At first glance, this is a slightly wordy way of getting the job done. However, the major bug is that Get-EventLog is only pulling the most recent event log in the source 'ADSync'. It's pulling the same event log eleven times in a row and evaluating if it matches any of the known-bad IDs. This is why the monitor was flickering, the script would only alert if the single most recent event log in the source happened to match one of the IDs in the array.

How Can This be Improved

Initially, I began making some changes to clean up some of the repeated if-statements, but after reading closer and discovering the major bug, I realized I'd need to take the script back to the drawing board. The first question I answered was if querying the event log was still the best approach. After some research, there didn't seem to be a better way to monitor the status of AD Connect from the AD Connect server itself which was the goal of this monitor. The next question was how to query the event log to only return the logs from the latest, completed synchronization cycle. This was important to ensure that the monitor could self-heal if the most recent completed sync cycle was free of any errors. This also prevents any premature self-heals if the script happened to run while a synchronization was in progress and any potential errors hadn't yet been thrown.

To determine when the last full sync cycle was completed, the script searches for the most recent RunProfileName with name 'Export' from the output of the command Get-AdSyncRunProfileResult. This was probably the most difficult part of the new script to plan out as that command doesn't seem to be terribly well known and determining how to get the information needed took some trial and error. Once I had the time stamp of when the last full synchronization cycle completed, it was fairly easy to get the associated event logs and search them for any of the known-bad IDs. If speed was a bigger concern, the foreach loop could be broken on the first error ID found, but for our purposes it was more useful to list out all errors found to aid in troubleshooting.

Again, apologies for the image in-lieu of raw text. As someone who reads plenty of articles, I know it's annoying when you can't copy and paste code. There is a link to the most recent version of the script on my GitHub page at the bottom of the post.

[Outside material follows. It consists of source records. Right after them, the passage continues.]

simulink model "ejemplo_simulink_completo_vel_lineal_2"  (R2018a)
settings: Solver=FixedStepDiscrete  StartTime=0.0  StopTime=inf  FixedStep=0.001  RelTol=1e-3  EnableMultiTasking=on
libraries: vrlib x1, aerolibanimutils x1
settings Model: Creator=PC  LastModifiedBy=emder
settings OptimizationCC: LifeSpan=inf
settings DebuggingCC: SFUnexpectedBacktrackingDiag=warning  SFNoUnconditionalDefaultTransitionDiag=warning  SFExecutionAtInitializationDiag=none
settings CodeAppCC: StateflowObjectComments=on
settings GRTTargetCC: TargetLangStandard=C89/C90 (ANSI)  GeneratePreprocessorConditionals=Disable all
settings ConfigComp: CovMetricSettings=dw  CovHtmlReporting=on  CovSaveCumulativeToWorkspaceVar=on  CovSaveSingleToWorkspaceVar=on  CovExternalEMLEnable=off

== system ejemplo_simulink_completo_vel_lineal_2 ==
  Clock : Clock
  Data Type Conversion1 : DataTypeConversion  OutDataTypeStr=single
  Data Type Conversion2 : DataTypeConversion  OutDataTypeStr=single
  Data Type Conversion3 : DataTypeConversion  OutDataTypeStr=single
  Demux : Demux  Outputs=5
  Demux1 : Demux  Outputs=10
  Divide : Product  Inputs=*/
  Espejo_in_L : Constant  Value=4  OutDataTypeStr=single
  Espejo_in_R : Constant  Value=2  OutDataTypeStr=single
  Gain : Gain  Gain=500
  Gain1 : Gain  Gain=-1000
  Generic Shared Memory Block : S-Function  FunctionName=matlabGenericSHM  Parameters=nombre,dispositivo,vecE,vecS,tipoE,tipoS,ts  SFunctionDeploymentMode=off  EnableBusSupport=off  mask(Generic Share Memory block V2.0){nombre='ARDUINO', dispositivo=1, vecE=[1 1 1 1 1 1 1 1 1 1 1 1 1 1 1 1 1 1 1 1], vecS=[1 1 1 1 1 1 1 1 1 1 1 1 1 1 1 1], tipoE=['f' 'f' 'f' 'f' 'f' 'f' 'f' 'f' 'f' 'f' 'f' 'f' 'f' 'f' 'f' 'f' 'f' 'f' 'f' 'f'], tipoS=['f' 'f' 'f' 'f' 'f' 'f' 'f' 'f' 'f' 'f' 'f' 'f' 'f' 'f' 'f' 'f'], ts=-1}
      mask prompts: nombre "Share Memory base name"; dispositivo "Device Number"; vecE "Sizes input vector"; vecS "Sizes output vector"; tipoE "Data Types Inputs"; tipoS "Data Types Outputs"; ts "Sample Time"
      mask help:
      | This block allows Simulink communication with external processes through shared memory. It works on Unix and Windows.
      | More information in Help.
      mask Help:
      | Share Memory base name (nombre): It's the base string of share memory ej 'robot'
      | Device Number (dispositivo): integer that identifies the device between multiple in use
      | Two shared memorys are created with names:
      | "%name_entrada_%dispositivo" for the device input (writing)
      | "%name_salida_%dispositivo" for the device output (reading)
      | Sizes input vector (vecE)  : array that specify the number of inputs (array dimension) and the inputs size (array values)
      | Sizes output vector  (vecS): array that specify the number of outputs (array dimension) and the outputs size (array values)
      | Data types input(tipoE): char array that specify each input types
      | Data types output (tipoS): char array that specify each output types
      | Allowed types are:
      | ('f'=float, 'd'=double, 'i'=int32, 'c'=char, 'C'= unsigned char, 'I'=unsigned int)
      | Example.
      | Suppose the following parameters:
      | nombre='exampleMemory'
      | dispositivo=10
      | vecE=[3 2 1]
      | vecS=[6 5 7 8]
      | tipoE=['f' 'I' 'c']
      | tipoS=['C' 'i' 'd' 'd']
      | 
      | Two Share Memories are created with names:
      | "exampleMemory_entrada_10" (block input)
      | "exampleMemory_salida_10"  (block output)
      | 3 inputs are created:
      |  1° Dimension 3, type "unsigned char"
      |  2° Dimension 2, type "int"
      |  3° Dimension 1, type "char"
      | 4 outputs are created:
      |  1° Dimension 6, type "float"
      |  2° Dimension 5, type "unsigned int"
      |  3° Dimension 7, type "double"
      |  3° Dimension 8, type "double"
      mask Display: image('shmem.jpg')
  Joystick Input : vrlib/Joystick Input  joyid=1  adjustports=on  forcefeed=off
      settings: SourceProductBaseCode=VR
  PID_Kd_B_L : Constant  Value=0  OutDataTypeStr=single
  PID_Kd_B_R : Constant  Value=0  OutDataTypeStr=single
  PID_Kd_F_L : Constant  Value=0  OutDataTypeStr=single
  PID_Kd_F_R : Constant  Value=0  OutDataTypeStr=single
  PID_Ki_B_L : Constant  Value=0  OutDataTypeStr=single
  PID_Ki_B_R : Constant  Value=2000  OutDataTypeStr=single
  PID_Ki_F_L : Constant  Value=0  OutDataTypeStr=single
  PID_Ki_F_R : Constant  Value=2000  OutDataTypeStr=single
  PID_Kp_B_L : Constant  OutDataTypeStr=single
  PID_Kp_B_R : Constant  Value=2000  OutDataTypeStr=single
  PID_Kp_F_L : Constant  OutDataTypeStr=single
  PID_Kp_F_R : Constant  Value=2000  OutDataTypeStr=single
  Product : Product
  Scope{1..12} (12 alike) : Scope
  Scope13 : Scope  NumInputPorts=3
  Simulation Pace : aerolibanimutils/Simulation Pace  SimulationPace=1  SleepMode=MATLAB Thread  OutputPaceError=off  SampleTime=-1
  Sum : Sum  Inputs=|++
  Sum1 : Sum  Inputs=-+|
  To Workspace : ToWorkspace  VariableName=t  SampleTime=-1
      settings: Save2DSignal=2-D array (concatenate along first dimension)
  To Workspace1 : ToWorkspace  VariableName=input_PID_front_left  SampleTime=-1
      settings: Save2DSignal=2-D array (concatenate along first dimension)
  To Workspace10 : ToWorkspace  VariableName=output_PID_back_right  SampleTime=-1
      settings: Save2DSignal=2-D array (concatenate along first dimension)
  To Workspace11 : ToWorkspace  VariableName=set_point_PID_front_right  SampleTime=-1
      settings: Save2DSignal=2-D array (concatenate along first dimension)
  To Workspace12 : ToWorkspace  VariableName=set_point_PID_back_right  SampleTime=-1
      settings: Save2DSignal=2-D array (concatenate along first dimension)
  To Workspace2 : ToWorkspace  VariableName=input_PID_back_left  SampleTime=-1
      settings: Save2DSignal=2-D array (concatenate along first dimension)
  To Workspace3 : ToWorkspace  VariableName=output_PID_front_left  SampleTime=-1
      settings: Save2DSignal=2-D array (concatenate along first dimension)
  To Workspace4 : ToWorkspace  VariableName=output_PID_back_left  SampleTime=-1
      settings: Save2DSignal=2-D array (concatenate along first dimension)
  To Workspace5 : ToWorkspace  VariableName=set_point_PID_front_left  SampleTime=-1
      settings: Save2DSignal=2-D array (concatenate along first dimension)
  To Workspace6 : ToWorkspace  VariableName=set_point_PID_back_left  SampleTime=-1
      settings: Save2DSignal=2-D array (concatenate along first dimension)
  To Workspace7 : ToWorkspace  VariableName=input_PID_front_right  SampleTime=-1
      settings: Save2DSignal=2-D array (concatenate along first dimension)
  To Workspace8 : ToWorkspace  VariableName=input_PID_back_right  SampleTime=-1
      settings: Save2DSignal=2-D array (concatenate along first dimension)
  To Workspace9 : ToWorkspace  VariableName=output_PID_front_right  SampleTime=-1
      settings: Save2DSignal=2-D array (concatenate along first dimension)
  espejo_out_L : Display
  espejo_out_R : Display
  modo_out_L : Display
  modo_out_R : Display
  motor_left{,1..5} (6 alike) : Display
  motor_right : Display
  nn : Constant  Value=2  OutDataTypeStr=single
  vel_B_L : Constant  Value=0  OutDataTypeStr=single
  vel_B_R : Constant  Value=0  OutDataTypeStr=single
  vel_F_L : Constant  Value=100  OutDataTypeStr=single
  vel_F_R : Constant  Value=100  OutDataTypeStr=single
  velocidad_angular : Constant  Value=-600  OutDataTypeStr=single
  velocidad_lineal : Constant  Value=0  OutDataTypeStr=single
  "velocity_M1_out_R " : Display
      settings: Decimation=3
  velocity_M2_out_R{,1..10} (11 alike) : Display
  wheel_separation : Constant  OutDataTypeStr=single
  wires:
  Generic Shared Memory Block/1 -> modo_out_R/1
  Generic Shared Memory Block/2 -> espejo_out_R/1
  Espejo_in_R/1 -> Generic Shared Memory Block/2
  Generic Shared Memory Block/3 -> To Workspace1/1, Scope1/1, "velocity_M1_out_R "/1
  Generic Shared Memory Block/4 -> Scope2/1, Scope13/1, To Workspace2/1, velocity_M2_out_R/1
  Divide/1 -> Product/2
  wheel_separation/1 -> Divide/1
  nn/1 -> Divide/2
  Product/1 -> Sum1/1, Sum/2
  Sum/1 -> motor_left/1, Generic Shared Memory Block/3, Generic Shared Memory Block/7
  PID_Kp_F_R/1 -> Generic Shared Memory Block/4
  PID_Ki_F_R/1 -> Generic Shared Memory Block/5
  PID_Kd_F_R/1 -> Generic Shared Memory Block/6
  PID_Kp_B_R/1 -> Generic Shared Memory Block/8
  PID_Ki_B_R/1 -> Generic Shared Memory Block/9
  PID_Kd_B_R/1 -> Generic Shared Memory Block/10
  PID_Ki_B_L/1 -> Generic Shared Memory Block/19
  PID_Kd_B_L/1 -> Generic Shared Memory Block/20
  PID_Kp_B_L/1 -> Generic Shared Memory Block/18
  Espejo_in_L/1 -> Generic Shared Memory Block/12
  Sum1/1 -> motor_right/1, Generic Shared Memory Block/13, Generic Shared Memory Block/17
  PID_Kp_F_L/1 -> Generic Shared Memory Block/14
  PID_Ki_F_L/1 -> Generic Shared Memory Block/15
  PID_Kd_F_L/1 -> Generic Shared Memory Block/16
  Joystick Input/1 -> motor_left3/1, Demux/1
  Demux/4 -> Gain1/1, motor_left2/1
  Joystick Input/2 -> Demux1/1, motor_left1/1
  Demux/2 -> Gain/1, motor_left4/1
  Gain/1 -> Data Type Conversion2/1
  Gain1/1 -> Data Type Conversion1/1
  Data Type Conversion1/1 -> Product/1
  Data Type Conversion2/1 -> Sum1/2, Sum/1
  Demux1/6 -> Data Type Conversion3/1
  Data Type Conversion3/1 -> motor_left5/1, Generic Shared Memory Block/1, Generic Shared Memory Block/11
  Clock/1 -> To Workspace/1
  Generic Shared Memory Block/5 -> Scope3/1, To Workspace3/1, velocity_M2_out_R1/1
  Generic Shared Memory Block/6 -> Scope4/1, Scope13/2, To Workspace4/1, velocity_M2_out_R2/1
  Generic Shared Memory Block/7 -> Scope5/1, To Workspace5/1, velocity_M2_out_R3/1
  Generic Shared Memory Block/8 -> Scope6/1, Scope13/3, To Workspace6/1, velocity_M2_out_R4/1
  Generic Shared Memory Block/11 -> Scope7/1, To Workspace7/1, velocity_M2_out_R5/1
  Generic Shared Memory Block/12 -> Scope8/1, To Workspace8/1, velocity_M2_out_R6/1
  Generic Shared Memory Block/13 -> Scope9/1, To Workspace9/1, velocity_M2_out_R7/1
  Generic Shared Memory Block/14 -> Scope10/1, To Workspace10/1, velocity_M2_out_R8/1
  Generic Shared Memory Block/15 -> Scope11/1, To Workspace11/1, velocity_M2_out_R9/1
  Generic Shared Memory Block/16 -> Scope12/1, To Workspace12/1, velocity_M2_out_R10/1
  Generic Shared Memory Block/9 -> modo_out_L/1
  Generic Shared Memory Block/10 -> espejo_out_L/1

Brief self-promotion: If you're curious about the module SAToolkit and/or the Write-Syslog function, please check out the blog post I wrote about the development of that module; it's something I'm truly proud of. https://gtio.tech/developing-a-powershell-module Okay, self promotion complete, appreciate you sticking with me there.

Takeaways

While I believe that my version of this script is a big improvement in both efficiency and accuracy, it's not perfect. I really wish there was a better, ideally built-in, way to monitor AD Connect on the server other than querying the Windows event log. Public information on the event log IDs, and even the event log source 'ADSync' is scarce at best and proved inaccurate in my research. While I know at least one of the known-bad IDs I inherited from the prior script is still valid (6100 was what was causing the old monitor to alert) I'm not convinced this list of IDs is complete or entirely accurate. Since I don't know who authored the original script, the information on where those event log IDs came from isn't available to me.

As of about a week ago, the new version of the script is live in our RMM and so far it hasn't alerted my team to any issues. Going forward, there are definitely some improvements that could be made. The first thing I'm planning on focusing on next will be ensuring that the list of event IDs is accurate and complete. I believe there is no such thing as a truly complete script and I'm sure there are fellow administrators out there whose additions would be valuable.

With all of that said, please feel free to use my version of the script in your own environment (with credit) and feel free to adapt it to your needs. If you make any improvements, please open a pull request to the GitHub source and I'll be sure to integrate your additions.